::: RAW DATA

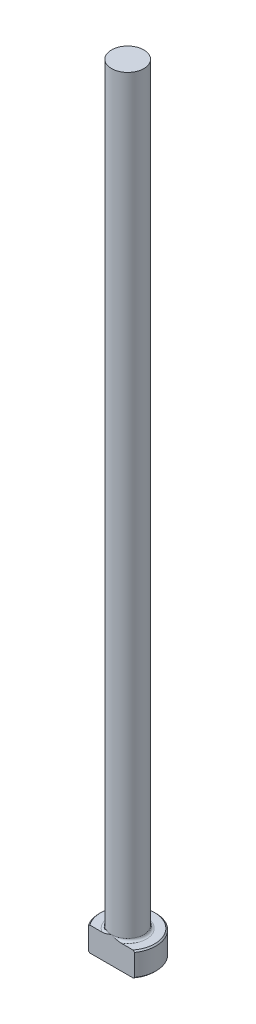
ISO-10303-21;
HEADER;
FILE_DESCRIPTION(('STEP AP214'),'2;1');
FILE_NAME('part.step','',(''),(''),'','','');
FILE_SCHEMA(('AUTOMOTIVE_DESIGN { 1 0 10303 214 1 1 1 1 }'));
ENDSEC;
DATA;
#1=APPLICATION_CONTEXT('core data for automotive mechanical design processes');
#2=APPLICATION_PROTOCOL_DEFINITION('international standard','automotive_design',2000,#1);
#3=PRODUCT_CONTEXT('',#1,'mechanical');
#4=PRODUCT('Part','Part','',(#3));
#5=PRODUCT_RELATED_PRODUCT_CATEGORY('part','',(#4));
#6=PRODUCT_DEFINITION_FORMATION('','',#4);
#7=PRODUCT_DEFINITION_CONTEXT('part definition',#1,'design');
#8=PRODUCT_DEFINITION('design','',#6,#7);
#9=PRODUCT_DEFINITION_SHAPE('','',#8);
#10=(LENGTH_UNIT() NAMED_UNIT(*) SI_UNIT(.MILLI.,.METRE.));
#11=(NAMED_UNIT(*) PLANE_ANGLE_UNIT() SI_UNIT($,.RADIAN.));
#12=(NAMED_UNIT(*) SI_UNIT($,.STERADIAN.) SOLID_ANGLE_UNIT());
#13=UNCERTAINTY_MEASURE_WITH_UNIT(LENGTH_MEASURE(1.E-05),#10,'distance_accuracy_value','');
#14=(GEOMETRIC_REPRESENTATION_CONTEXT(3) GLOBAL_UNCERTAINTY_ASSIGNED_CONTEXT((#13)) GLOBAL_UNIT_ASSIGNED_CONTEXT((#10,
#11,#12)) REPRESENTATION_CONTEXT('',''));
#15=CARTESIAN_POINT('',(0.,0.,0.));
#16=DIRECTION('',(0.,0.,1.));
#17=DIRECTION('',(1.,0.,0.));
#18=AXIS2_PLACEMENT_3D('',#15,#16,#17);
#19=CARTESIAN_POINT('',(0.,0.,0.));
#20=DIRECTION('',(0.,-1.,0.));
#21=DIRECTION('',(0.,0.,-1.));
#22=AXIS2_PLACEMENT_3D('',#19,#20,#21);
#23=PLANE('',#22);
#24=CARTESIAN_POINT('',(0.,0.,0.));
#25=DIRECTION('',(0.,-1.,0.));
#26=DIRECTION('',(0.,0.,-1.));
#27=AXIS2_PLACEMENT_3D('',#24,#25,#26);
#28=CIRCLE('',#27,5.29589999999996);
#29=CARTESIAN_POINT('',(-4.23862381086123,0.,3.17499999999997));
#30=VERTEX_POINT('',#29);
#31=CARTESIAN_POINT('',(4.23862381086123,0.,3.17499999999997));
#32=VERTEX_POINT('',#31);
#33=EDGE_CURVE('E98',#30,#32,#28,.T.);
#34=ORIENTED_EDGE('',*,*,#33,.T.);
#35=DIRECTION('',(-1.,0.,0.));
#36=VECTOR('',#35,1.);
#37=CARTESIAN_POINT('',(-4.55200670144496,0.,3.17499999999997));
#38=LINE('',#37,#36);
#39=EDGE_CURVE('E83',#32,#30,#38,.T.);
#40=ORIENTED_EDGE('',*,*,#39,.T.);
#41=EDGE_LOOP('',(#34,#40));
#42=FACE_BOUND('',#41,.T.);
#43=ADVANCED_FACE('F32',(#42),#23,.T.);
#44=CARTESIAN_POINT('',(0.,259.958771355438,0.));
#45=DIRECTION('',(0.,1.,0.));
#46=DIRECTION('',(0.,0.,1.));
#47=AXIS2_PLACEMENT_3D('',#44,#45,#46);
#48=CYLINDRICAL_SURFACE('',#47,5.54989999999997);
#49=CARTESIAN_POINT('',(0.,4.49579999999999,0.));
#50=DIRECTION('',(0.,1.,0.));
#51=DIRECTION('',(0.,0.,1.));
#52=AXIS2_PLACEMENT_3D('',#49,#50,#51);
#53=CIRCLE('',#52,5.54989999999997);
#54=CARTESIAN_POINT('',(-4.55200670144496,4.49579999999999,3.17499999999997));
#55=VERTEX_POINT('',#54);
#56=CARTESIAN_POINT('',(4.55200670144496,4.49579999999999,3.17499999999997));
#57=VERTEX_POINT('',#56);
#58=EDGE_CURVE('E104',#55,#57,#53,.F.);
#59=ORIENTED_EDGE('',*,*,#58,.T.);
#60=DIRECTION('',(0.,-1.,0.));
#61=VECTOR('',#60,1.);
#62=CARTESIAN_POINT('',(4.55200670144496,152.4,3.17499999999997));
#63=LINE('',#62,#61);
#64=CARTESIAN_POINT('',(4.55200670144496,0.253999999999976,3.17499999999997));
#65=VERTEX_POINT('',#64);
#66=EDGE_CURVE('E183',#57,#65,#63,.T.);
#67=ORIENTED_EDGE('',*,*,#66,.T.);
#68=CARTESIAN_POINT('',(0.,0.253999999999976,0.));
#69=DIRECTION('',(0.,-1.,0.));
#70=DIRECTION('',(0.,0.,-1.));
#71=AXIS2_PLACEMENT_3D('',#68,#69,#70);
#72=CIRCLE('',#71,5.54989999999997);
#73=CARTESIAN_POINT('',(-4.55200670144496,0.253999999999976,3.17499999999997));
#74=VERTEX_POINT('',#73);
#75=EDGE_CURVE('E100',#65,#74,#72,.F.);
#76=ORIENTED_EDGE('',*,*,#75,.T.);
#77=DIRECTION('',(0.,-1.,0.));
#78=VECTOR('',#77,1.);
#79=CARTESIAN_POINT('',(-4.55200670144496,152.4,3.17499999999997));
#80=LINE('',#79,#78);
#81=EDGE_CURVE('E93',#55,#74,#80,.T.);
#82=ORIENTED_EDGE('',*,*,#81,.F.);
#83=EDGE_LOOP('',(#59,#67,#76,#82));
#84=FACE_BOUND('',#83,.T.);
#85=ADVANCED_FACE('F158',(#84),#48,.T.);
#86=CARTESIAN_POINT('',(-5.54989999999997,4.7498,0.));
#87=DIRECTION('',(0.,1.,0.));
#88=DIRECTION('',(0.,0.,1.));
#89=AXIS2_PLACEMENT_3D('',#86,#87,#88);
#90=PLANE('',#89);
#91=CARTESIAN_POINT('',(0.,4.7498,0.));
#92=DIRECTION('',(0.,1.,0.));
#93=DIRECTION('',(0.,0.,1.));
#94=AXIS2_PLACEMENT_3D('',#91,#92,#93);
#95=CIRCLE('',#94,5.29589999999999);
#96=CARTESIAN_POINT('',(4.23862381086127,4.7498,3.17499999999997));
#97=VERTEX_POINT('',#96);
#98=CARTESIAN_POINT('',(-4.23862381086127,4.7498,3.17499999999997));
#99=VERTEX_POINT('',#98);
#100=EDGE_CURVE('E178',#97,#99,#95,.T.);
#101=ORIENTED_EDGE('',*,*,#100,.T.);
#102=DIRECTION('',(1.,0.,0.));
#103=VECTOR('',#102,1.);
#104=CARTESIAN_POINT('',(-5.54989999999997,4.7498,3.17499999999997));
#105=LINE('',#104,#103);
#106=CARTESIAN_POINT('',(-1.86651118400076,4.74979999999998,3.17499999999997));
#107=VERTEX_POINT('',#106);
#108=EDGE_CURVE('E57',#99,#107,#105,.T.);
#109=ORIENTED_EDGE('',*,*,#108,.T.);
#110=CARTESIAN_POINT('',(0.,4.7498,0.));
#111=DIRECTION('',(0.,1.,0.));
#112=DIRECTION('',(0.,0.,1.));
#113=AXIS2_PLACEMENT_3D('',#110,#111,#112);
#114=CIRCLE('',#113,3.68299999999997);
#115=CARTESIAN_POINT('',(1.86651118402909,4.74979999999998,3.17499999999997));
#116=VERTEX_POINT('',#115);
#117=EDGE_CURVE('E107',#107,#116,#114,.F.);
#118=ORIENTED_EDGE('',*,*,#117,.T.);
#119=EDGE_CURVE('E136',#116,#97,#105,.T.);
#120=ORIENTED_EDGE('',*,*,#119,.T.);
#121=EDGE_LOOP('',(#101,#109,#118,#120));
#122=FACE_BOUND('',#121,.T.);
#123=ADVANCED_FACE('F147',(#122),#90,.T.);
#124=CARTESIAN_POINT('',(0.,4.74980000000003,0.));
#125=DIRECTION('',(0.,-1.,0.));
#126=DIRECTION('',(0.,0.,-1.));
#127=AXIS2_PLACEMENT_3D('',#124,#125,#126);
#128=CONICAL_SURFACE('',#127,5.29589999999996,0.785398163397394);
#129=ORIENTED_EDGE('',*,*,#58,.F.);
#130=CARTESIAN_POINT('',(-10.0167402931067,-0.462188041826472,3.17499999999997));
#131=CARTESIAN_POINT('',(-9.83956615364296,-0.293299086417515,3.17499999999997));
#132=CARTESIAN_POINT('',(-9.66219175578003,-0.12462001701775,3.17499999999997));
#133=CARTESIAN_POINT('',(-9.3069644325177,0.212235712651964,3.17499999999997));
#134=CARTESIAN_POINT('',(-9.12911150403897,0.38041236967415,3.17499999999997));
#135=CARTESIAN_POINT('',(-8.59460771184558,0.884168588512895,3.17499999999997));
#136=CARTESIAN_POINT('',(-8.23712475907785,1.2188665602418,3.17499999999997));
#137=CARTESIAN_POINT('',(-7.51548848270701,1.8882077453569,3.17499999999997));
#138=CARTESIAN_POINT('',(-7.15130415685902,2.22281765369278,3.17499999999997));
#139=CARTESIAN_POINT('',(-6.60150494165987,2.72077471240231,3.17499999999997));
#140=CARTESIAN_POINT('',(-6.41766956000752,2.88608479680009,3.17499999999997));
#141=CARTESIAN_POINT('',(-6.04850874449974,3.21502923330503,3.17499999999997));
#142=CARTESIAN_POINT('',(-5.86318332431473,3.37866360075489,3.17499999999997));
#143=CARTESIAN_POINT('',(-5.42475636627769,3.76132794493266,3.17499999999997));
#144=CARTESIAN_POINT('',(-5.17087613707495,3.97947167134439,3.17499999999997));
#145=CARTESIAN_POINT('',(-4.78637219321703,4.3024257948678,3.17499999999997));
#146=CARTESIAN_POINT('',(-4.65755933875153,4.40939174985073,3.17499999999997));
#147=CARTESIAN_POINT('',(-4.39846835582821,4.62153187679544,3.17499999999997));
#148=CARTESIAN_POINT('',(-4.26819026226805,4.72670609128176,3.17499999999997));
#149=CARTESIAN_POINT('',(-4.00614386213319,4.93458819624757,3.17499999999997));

::::::

WHAT IS NEEDED: Reproduce exactly, and only, the part of the listing above that begins at the line with "#111=DIRECTION('',(0.,1.,0.));" and goes on through the line with "#123=ADVANCED_FACE('F147',(#122),#90,.T.);".

FINISHED TASK:
#111=DIRECTION('',(0.,1.,0.));
#112=DIRECTION('',(0.,0.,1.));
#113=AXIS2_PLACEMENT_3D('',#110,#111,#112);
#114=CIRCLE('',#113,3.68299999999997);
#115=CARTESIAN_POINT('',(1.86651118402909,4.74979999999998,3.17499999999997));
#116=VERTEX_POINT('',#115);
#117=EDGE_CURVE('E107',#107,#116,#114,.F.);
#118=ORIENTED_EDGE('',*,*,#117,.T.);
#119=EDGE_CURVE('E136',#116,#97,#105,.T.);
#120=ORIENTED_EDGE('',*,*,#119,.T.);
#121=EDGE_LOOP('',(#101,#109,#118,#120));
#122=FACE_BOUND('',#121,.T.);
#123=ADVANCED_FACE('F147',(#122),#90,.T.);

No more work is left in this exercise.